> **EXERCISE INSTRUCTIONS**:
Copy down every line of the data that follows exactly. Omit the pictures.
________________________
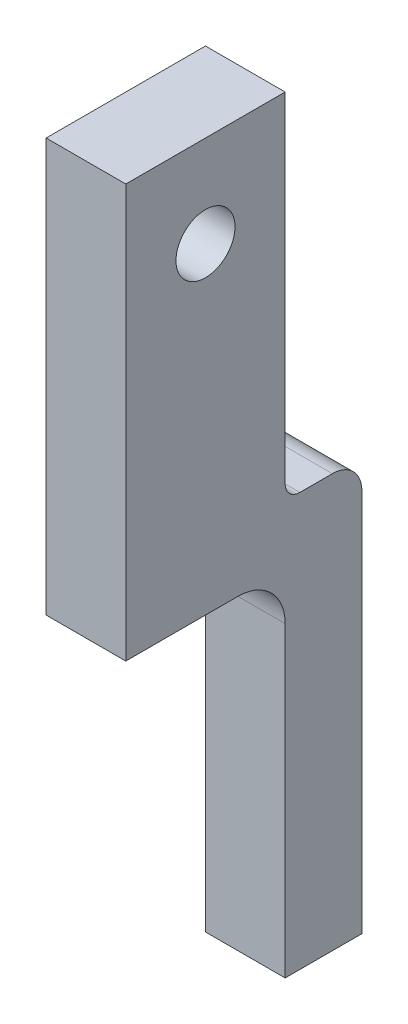
from build123d import *

# Parameters (mm, degrees)
BOSS_EXTRUDE1_DEPTH = 135
SKETCH2_W           = 135
SKETCH2_H           = 270
BOSS_EXTRUDE2_DEPTH = 300
SKETCH3_R           = 50
CUT_EXTRUDE1_DEPTH  = 1070.285321259


with BuildPart() as part:
    # Sketch1 → Boss-Extrude1 (new body)
    with BuildSketch(Plane(origin=(0, 0, 0), x_dir=(0, 0, -1), z_dir=(1, 0, 0))):
        with BuildLine():
            Line((-465.792131575, 464.039290463), (-465.792131575, 189.039290463))
            ThreePointArc((-465.792131575, 189.039290463), (-458.469801105, 171.361620934), (-440.792131575, 164.039290463))
            Line((-440.792131575, 164.039290463), (-385.792131575, 164.039290463))
            ThreePointArc((-385.792131575, 164.039290463), (-350.436792516, 149.394629523), (-335.792131575, 114.039290463))
            Line((-335.792131575, 114.039290463), (-335.792131575, -535.960709537))
            Line((-335.792131575, -535.960709537), (-465.792131575, -535.960709537))
            Line((-465.792131575, -535.960709537), (-465.792131575, -15.960709537))
            ThreePointArc((-465.792131575, -15.960709537), (-489.22358908, 40.607832958), (-545.792131575, 64.039290463))
            Line((-545.792131575, 64.039290463), (-735.792131575, 64.039290463))
            Line((-735.792131575, 64.039290463), (-735.792131575, 464.039290463))
            Line((-735.792131575, 464.039290463), (-465.792131575, 464.039290463))
        make_face()
    extrude(amount=BOSS_EXTRUDE1_DEPTH)

    # Sketch2 → Boss-Extrude2 (add)
    with BuildSketch(Plane(origin=(0, 464.039290463, 0), x_dir=(1, 0, 0), z_dir=(0, 1, 0))):
        with Locations((67.5, -600.792131575)):
            Rectangle(SKETCH2_W, SKETCH2_H)
    extrude(amount=BOSS_EXTRUDE2_DEPTH)

    # Sketch3 → Cut-Extrude1 (cut, through all)
    with BuildSketch(Plane(origin=(135, 0, 0), x_dir=(0, 0, -1), z_dir=(1, 0, 0))):
        with Locations((-600.792131575, 609.039290463)):
            Circle(SKETCH3_R)
    extrude(amount=-CUT_EXTRUDE1_DEPTH, mode=Mode.SUBTRACT)


solid = part.part
________________________
> **EXERCISE RESPONSE**:
from build123d import *

# Parameters (mm, degrees)
BOSS_EXTRUDE1_DEPTH = 135
SKETCH2_W           = 135
SKETCH2_H           = 270
BOSS_EXTRUDE2_DEPTH = 300
SKETCH3_R           = 50
CUT_EXTRUDE1_DEPTH  = 1070.285321259


with BuildPart() as part:
    # Sketch1 → Boss-Extrude1 (new body)
    with BuildSketch(Plane(origin=(0, 0, 0), x_dir=(0, 0, -1), z_dir=(1, 0, 0))):
        with BuildLine():
            Line((-465.792131575, 464.039290463), (-465.792131575, 189.039290463))
            ThreePointArc((-465.792131575, 189.039290463), (-458.469801105, 171.361620934), (-440.792131575, 164.039290463))
            Line((-440.792131575, 164.039290463), (-385.792131575, 164.039290463))
            ThreePointArc((-385.792131575, 164.039290463), (-350.436792516, 149.394629523), (-335.792131575, 114.039290463))
            Line((-335.792131575, 114.039290463), (-335.792131575, -535.960709537))
            Line((-335.792131575, -535.960709537), (-465.792131575, -535.960709537))
            Line((-465.792131575, -535.960709537), (-465.792131575, -15.960709537))
            ThreePointArc((-465.792131575, -15.960709537), (-489.22358908, 40.607832958), (-545.792131575, 64.039290463))
            Line((-545.792131575, 64.039290463), (-735.792131575, 64.039290463))
            Line((-735.792131575, 64.039290463), (-735.792131575, 464.039290463))
            Line((-735.792131575, 464.039290463), (-465.792131575, 464.039290463))
        make_face()
    extrude(amount=BOSS_EXTRUDE1_DEPTH)

    # Sketch2 → Boss-Extrude2 (add)
    with BuildSketch(Plane(origin=(0, 464.039290463, 0), x_dir=(1, 0, 0), z_dir=(0, 1, 0))):
        with Locations((67.5, -600.792131575)):
            Rectangle(SKETCH2_W, SKETCH2_H)
    extrude(amount=BOSS_EXTRUDE2_DEPTH)

    # Sketch3 → Cut-Extrude1 (cut, through all)
    with BuildSketch(Plane(origin=(135, 0, 0), x_dir=(0, 0, -1), z_dir=(1, 0, 0))):
        with Locations((-600.792131575, 609.039290463)):
            Circle(SKETCH3_R)
    extrude(amount=-CUT_EXTRUDE1_DEPTH, mode=Mode.SUBTRACT)


solid = part.part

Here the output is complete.